Cuando alguien está en el pico de la ira, hablarle no es una conversación. Es dispararle a algo que se mueve.
Pasado cierto umbral emocional el cerebro deja de procesar argumentos. No es que la otra persona no quiera escuchar. Es que no puede. El mensaje llega, rebota, y vuelve convertido en otro problema. Seguimos intentándolo de todas formas, convencidos de que si encontramos las palabras precisas algo va a ceder. Esa convicción casi nunca es optimismo. Es impaciencia.

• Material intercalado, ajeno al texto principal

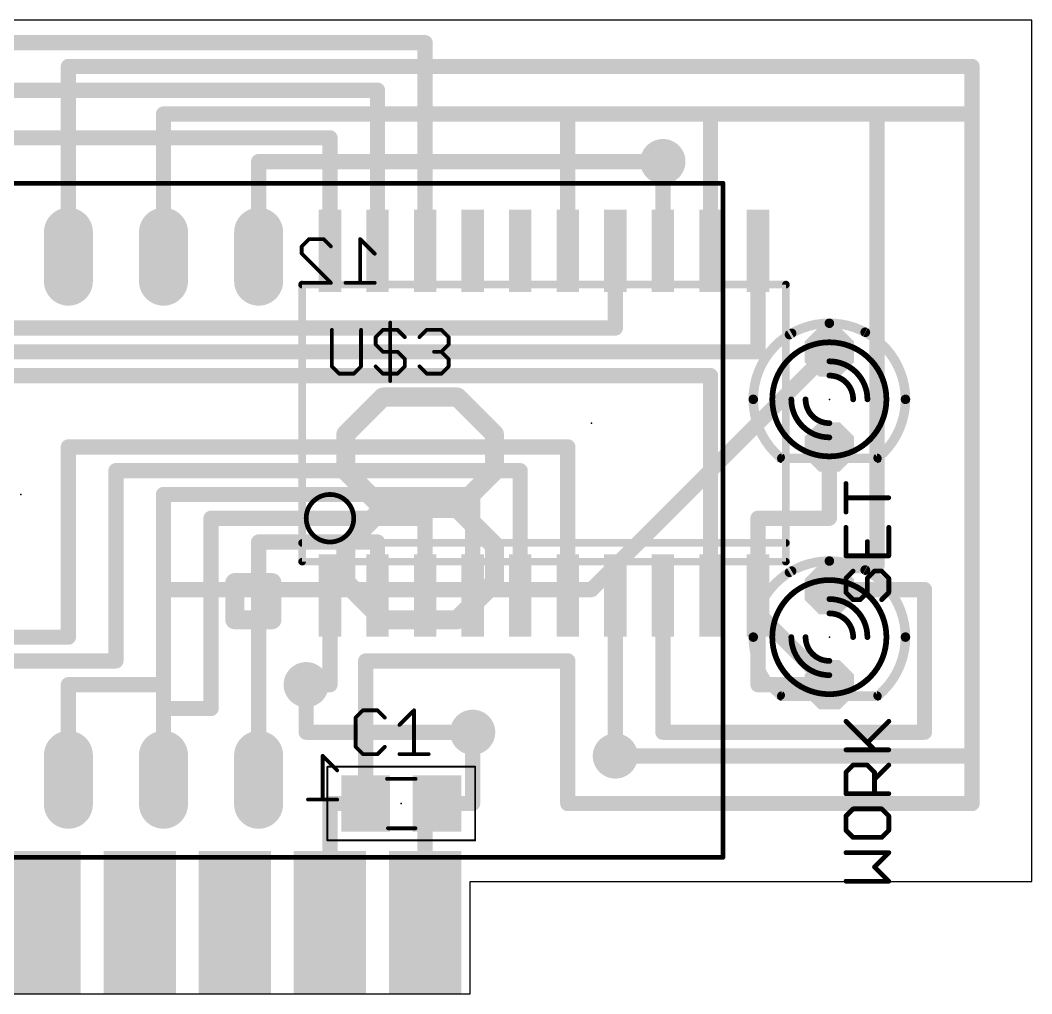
# Model space of a CAD drawing. Extents: x 0 to 67, y 0 to 26.
# Drawn here: x 39.99 to 67, y 0 to 26 of the extents above; entities that cross this region are included whole.
import ezdxf

# ---------------------------------------------------------------- set-up
doc = ezdxf.new("R2010")
doc.units = 0
for name, color, linetype in [('1', 22, 'CONTINUOUS'), ('16', 175, 'CONTINUOUS'), ('17', 82, 'CONTINUOUS'), ('18', 82, 'CONTINUOUS'), ('20', 7, 'CONTINUOUS'), ('21', 253, 'CONTINUOUS'), ('22', 253, 'CONTINUOUS'), ('23', 7, 'CONTINUOUS'), ('24', 7, 'CONTINUOUS'), ('25', 253, 'CONTINUOUS'), ('39', 22, 'CONTINUOUS'), ('51', 253, 'CONTINUOUS')]:
    doc.layers.add(name, color=color, linetype=linetype)

# ---------------------------------------------------------------- blocks, each defined once
blk = doc.blocks.new('RECT')
blk.add_solid([(-0.5, -0.5), (0.5, -0.5), (-0.5, 0.5), (0.5, 0.5)])
blk = doc.blocks.new('OCTAGONP')
at = {"const_width": 0.5}
blk.add_lwpolyline([(-0.25, -0.1036), (-0.25, 0.1036), (-0.1036, 0.25), (0.1036, 0.25), (0.25, 0.1036), (0.25, -0.1036), (0.1036, -0.25), (-0.1036, -0.25), (-0.25, -0.1036), (-0.25, 0.1036)], dxfattribs=at)
blk = doc.blocks.new('LONGP100')
at = {"const_width": 1}
blk.add_lwpolyline([(-0.5, 0), (0.5, 0)], dxfattribs=at)
at = {"const_width": 0.5}
for points in [[(-0.5, 0.25, 1), (-0.5, -0.25)], [(0.5, -0.25, 1), (0.5, 0.25)]]:
    blk.add_lwpolyline(points, format="xyb", dxfattribs=at)
blk = doc.blocks.new('ROUNDV')
at = {"const_width": 0.5}
blk.add_lwpolyline([(0, -0.25, 1), (0, 0.25, 1), (0, -0.25)], format="xyb", dxfattribs=at)

msp = doc.modelspace()

# ---------------------------------------------------------------- linework, layer by layer
at = {"layer": '1', "const_width": 0.4064}
for points in [[(50.8, 25.4), (29.21, 25.4)], [(50.8, 19.84), (50.8, 25.4)], [(49.53, 24.13), (39.37, 24.13)], [(49.53, 19.84), (49.53, 24.13)], [(54.61, 19.84), (54.61, 23.495)], [(54.61, 23.495), (58.42, 23.495)], [(58.42, 23.495), (58.42, 19.84)], [(58.42, 23.495), (65.405, 23.495)], [(65.405, 23.495), (65.405, 5.08)], [(48.26, 22.86), (31.75, 22.86)], [(48.26, 19.84), (48.26, 22.86)], [(57.15, 22.225), (57.15, 19.84)], [(55.88, 17.78), (55.88, 19.84)], [(59.69, 19.84), (59.69, 17.145)], [(38.735, 17.78), (55.88, 17.78)], [(59.69, 17.145), (36.195, 17.145)], [(33.655, 16.51), (58.42, 16.51)], [(58.42, 16.51), (58.42, 10.64)], [(41.275, 9.525), (41.275, 14.605)], [(41.275, 14.605), (54.61, 14.605)], [(54.61, 14.605), (54.61, 10.64)], [(42.545, 8.89), (42.545, 13.97)], [(42.545, 13.97), (53.34, 13.97)], [(53.34, 13.97), (53.34, 10.64)], [(43.815, 8.255), (43.815, 13.335)], [(43.815, 13.335), (52.07, 13.335)], [(52.07, 13.335), (52.07, 10.64)], [(45.085, 7.62), (45.085, 12.7)], [(45.085, 12.7), (50.8, 12.7)], [(50.8, 12.7), (50.8, 10.64)], [(46.355, 5.715), (46.355, 12.065)], [(46.355, 12.065), (49.53, 12.065)], [(49.53, 12.065), (49.53, 10.64)], [(48.26, 8.255), (48.26, 10.64)], [(55.88, 10.64), (55.88, 6.35)], [(57.15, 10.64), (57.15, 6.985)], [(59.69, 10.64), (59.69, 8.255)], [(61.595, 10.795), (64.135, 10.795)], [(64.135, 6.985), (64.135, 10.795)], [(38.1, 9.525), (41.275, 9.525)], [(38.735, 8.89), (42.545, 8.89)], [(54.61, 8.89), (49.215, 8.89)], [(49.215, 8.89), (49.215, 5.08)], [(54.61, 5.08), (54.61, 8.89)], [(41.275, 5.715), (41.275, 8.255)], [(41.275, 8.255), (43.815, 8.255)], [(47.625, 8.255), (48.26, 8.255)], [(61.595, 8.255), (59.69, 8.255)], [(43.815, 5.715), (43.815, 7.62)], [(43.815, 7.62), (45.085, 7.62)], [(52.07, 5.08), (52.07, 6.985)], [(57.15, 6.985), (64.135, 6.985)], [(49.215, 5.08), (48.26, 5.08)], [(48.26, 5.08), (48.26, 1.905)], [(51.115, 5.08), (50.8, 5.08)], [(50.8, 5.08), (50.8, 1.905)], [(51.115, 5.08), (52.07, 5.08)], [(65.405, 5.08), (54.61, 5.08)]]:
    msp.add_lwpolyline(points, dxfattribs=at)
at = {"layer": '1', "const_width": 0.2032}
for points in [[(50.9016, 25.4, 1), (50.6984, 25.4)], [(50.8, 25.2984, 1), (50.8, 25.5016)], [(49.6316, 24.13, 1), (49.4284, 24.13)], [(49.53, 24.0284, 1), (49.53, 24.2316)], [(54.7116, 23.495, 1), (54.5084, 23.495)], [(54.61, 23.5966, 1), (54.61, 23.3934)], [(58.5216, 23.495, 1), (58.3184, 23.495)], [(58.42, 23.5966, 1), (58.42, 23.3934)], [(58.42, 23.3934, 1), (58.42, 23.5966)], [(65.5066, 23.495, 1), (65.3034, 23.495)], [(65.405, 23.3934, 1), (65.405, 23.5966)], [(48.3616, 22.86, 1), (48.1584, 22.86)], [(48.26, 22.7584, 1), (48.26, 22.9616)], [(57.2516, 22.225, 1), (57.0484, 22.225)], [(55.9816, 19.84, 1), (55.7784, 19.84)], [(59.7916, 19.84, 1), (59.5884, 19.84)], [(48.1584, 19.84, 1), (48.3616, 19.84)], [(49.4284, 19.84, 1), (49.6316, 19.84)], [(50.6984, 19.84, 1), (50.9016, 19.84)], [(54.5084, 19.84, 1), (54.7116, 19.84)], [(57.0484, 19.84, 1), (57.2516, 19.84)], [(58.3184, 19.84, 1), (58.5216, 19.84)], [(55.7784, 17.78, 1), (55.9816, 17.78)], [(55.88, 17.6784, 1), (55.88, 17.8816)], [(59.69, 17.0434, 1), (59.69, 17.2466)], [(59.5884, 17.145, 1), (59.7916, 17.145)], [(58.5216, 16.51, 1), (58.3184, 16.51)], [(58.42, 16.4084, 1), (58.42, 16.6116)], [(41.3766, 14.605, 1), (41.1734, 14.605)], [(41.275, 14.7066, 1), (41.275, 14.5034)], [(54.7116, 14.605, 1), (54.5084, 14.605)], [(54.61, 14.5034, 1), (54.61, 14.7066)], [(42.6466, 13.97, 1), (42.4434, 13.97)], [(42.545, 14.0716, 1), (42.545, 13.8684)], [(53.4416, 13.97, 1), (53.2384, 13.97)], [(53.34, 13.8684, 1), (53.34, 14.0716)], [(43.9166, 13.335, 1), (43.7134, 13.335)], [(43.815, 13.4366, 1), (43.815, 13.2334)], [(52.1716, 13.335, 1), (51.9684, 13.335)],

Guardar el comentario cuesta. Hay algo en el conflicto no resuelto que empuja a hablar ahora, a aclarar ahora, como si la verdad tuviera fecha de vencimiento. No la tiene. Una conversación forzada en el momento equivocado no aclara nada. Deja dos personas más alejadas y un malentendido nuevo encima del original.
Cuando el otro baja del pico, y en la mayoría de los casos baja, el terreno cambia. La conversación que parecía imposible tres días antes ocurre sola, sin el esfuerzo de sostenerla a la fuerza. No porque el problema haya desaparecido. Porque ambos pueden pensar.
Esperar no es evitar. Es elegir el momento en que hablar sirve de algo.